A single unique index on (state_id, slug) should be sufficient. To be sure, of course, you'll need to run EXPLAIN and/or ANALYZE (perhaps with the help of something like http://explain.depesz.com/), but ultimately what indexes are appropriate depends very closely on what kind of queries you will be running. Remember, indexes make SELECTs faster and INSERTs, UPDATEs, and DELETEs slower, so you ideally want only as many indexes as are actually necessary.
Also, PostgreSQL has a smart query optimizer: it will use radically different search plans for queries on small tables and huge tables. If the table is small, it will just do a sequential scan and not even bother with any indexes, since the overhead of working with them is higher than just brute-force sifting through the table. This changes to a different plan once the table size passes a threshold, and may change again if the table gets larger again, or if you change your SELECT, or....
Summary: you can't trust the results of EXPLAIN and ANALYZE on datasets much smaller or different than your actual data. Make it work, then make it fast later (if you need to).
[EDIT: Misread the question... Hopefully my answer is more relevant now!]
In your case, I'd suggest 1 index on (state_id, slug). If you ever need to search just by slug, add an index on just that column. If you have those, then adding another index on state_id is unnecessary as the first index already covers it.
An index can be used whenever an initial segment of its columns are used in a WHERE clause. So e.g. an index on columns A, B and C will optimise queries containing WHERE clauses involving A, B and C, WHERE clauses with just A and B, or WHERE clauses with just A. Note that the order that columns appear in the index definition is very important -- this example index cannot be used for WHERE clauses involving just B and/or C.
(Of course it's up to the query optimiser whether or not a particular index actually gets used, but in your case with 200k rows, you can guarantee that a simple search by state_id or slug or both will use one of the indices.)
Any decent optimizer will see an index on three columns - say:
CREATE INDEX idx_1 ON SomeTable(Col1, Col2, Col3);
and will use that index for any of the following conditions:
WHERE Col1 = ...something...
WHERE Col1 = ...something... AND Col2 = ...otherthing...

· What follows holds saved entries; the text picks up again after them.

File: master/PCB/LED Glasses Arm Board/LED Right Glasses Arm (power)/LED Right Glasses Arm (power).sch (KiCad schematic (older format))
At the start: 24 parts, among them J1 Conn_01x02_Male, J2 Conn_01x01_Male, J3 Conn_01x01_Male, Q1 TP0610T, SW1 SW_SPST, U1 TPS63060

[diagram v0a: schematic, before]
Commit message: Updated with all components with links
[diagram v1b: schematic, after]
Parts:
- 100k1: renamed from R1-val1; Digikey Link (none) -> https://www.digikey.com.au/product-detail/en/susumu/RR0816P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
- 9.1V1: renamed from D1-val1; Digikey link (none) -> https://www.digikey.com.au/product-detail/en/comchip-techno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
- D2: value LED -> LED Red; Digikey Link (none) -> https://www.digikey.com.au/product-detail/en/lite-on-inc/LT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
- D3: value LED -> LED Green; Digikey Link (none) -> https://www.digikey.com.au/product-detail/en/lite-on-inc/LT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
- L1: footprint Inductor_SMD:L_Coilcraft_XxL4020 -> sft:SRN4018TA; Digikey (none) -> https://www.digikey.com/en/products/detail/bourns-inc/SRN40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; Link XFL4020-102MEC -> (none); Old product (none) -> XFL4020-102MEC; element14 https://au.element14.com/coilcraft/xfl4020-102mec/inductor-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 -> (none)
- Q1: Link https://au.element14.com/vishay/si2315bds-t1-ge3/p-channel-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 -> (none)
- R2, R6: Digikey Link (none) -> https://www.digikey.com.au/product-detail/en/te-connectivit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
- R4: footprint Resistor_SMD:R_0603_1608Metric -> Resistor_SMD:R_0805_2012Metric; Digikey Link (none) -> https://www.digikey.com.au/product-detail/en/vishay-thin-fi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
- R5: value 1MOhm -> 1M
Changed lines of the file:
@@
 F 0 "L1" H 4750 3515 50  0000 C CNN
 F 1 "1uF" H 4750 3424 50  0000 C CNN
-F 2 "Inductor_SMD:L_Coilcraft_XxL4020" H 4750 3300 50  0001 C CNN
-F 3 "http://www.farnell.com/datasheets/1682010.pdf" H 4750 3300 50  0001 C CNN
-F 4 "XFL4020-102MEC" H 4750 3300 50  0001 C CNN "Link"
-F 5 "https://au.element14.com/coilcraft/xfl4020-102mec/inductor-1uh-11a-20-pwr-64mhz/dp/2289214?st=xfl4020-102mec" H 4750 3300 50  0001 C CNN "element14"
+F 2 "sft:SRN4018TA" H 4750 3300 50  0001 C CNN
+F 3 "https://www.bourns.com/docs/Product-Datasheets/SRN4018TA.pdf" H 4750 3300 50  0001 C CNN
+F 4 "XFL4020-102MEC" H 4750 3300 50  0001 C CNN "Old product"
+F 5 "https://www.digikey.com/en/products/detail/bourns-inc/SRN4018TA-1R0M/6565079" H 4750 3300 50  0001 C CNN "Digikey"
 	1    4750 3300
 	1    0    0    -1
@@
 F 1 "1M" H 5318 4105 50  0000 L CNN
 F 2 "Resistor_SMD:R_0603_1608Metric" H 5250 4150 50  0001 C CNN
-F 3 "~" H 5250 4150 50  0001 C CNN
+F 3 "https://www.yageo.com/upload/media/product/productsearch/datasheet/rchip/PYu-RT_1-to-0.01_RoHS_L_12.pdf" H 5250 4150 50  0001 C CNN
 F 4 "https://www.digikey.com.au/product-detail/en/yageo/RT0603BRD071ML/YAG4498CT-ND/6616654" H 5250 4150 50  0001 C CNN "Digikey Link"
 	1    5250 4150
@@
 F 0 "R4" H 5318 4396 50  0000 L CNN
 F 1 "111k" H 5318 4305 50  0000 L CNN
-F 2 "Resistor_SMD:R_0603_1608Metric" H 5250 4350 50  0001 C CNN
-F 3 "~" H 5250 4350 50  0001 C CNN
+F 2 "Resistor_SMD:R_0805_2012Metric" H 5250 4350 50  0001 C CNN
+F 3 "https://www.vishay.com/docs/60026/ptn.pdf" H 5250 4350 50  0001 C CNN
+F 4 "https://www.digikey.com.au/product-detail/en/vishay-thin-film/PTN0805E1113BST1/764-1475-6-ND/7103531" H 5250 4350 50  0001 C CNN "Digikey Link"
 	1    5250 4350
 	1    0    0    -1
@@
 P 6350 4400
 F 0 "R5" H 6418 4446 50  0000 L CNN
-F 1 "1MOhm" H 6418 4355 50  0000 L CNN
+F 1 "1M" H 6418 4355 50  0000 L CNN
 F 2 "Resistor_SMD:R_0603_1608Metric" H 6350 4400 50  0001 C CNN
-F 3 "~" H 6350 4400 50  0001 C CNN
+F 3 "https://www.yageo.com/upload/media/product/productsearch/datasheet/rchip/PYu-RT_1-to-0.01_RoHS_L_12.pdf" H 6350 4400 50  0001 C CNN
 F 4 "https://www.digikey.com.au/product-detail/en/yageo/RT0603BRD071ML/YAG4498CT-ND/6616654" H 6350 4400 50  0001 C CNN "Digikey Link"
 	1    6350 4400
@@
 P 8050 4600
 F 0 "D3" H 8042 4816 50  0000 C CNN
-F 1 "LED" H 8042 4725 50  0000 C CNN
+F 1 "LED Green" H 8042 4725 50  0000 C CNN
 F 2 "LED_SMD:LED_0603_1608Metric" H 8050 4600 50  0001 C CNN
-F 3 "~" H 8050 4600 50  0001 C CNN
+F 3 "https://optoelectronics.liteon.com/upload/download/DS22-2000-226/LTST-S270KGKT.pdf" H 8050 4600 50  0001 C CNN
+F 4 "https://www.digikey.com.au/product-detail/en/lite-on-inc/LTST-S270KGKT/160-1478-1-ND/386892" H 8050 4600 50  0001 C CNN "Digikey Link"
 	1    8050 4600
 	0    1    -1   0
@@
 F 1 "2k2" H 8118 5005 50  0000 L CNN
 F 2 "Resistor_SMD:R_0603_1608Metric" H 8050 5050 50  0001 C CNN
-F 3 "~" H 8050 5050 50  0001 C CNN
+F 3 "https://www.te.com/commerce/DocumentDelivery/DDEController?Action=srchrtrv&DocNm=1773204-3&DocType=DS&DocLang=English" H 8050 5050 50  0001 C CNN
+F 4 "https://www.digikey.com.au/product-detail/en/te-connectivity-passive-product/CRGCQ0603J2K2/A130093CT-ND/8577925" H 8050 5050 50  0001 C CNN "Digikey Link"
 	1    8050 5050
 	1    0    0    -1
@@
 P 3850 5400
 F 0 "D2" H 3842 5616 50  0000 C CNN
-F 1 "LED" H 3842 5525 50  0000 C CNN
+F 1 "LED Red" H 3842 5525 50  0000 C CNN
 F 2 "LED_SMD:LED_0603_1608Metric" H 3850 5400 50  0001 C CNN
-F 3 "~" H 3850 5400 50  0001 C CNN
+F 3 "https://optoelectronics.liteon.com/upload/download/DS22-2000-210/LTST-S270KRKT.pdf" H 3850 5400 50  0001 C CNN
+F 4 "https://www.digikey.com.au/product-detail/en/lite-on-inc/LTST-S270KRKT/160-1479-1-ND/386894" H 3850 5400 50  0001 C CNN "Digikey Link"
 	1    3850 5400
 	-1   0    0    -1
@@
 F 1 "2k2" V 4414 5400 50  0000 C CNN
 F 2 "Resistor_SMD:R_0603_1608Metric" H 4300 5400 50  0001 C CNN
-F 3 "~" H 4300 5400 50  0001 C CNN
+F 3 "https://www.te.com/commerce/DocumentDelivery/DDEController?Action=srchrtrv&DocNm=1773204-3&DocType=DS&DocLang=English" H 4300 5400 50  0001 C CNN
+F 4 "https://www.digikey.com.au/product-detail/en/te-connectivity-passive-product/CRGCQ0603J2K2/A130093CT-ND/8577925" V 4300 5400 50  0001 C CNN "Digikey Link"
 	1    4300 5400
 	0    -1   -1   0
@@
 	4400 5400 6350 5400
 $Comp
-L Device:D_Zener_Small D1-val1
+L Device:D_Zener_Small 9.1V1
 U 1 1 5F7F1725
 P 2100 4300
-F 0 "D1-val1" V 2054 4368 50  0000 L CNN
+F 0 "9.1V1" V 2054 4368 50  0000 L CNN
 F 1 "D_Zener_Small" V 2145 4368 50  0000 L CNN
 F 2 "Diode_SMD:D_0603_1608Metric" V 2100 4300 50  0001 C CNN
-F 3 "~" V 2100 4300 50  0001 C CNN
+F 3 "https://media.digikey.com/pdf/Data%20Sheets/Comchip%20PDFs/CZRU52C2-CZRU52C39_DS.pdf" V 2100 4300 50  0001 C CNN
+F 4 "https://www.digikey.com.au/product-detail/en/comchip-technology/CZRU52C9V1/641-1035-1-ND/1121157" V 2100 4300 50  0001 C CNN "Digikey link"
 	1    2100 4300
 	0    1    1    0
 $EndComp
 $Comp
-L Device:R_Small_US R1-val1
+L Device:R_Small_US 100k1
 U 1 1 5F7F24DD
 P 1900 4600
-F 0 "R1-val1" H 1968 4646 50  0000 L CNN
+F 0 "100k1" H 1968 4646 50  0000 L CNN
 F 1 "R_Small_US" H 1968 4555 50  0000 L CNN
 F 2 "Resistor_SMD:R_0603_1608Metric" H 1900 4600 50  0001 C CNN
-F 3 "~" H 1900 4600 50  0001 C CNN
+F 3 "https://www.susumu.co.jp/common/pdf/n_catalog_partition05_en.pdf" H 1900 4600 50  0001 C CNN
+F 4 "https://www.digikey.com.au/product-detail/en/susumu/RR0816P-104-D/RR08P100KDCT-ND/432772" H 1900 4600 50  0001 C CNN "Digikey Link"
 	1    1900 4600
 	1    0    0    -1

WHERE Col3 = ....whatnot....
AND Col1 = ...something....
AND Col2 = ...otherthing...
That is, it will use the index if there are conditions applied to any contiguous leading subset of the columns of the index. Although I used equality, it can also apply to ranges (open - just greater than, for example) or closed (between two values).
To do optimization use EXPLAIN http://www.postgresql.org/docs/7.4/static/sql-explain.html and see for your self.
But optimization is not the most important reason to make those indexes; first it is a constraint inhibiting a database from not being logical.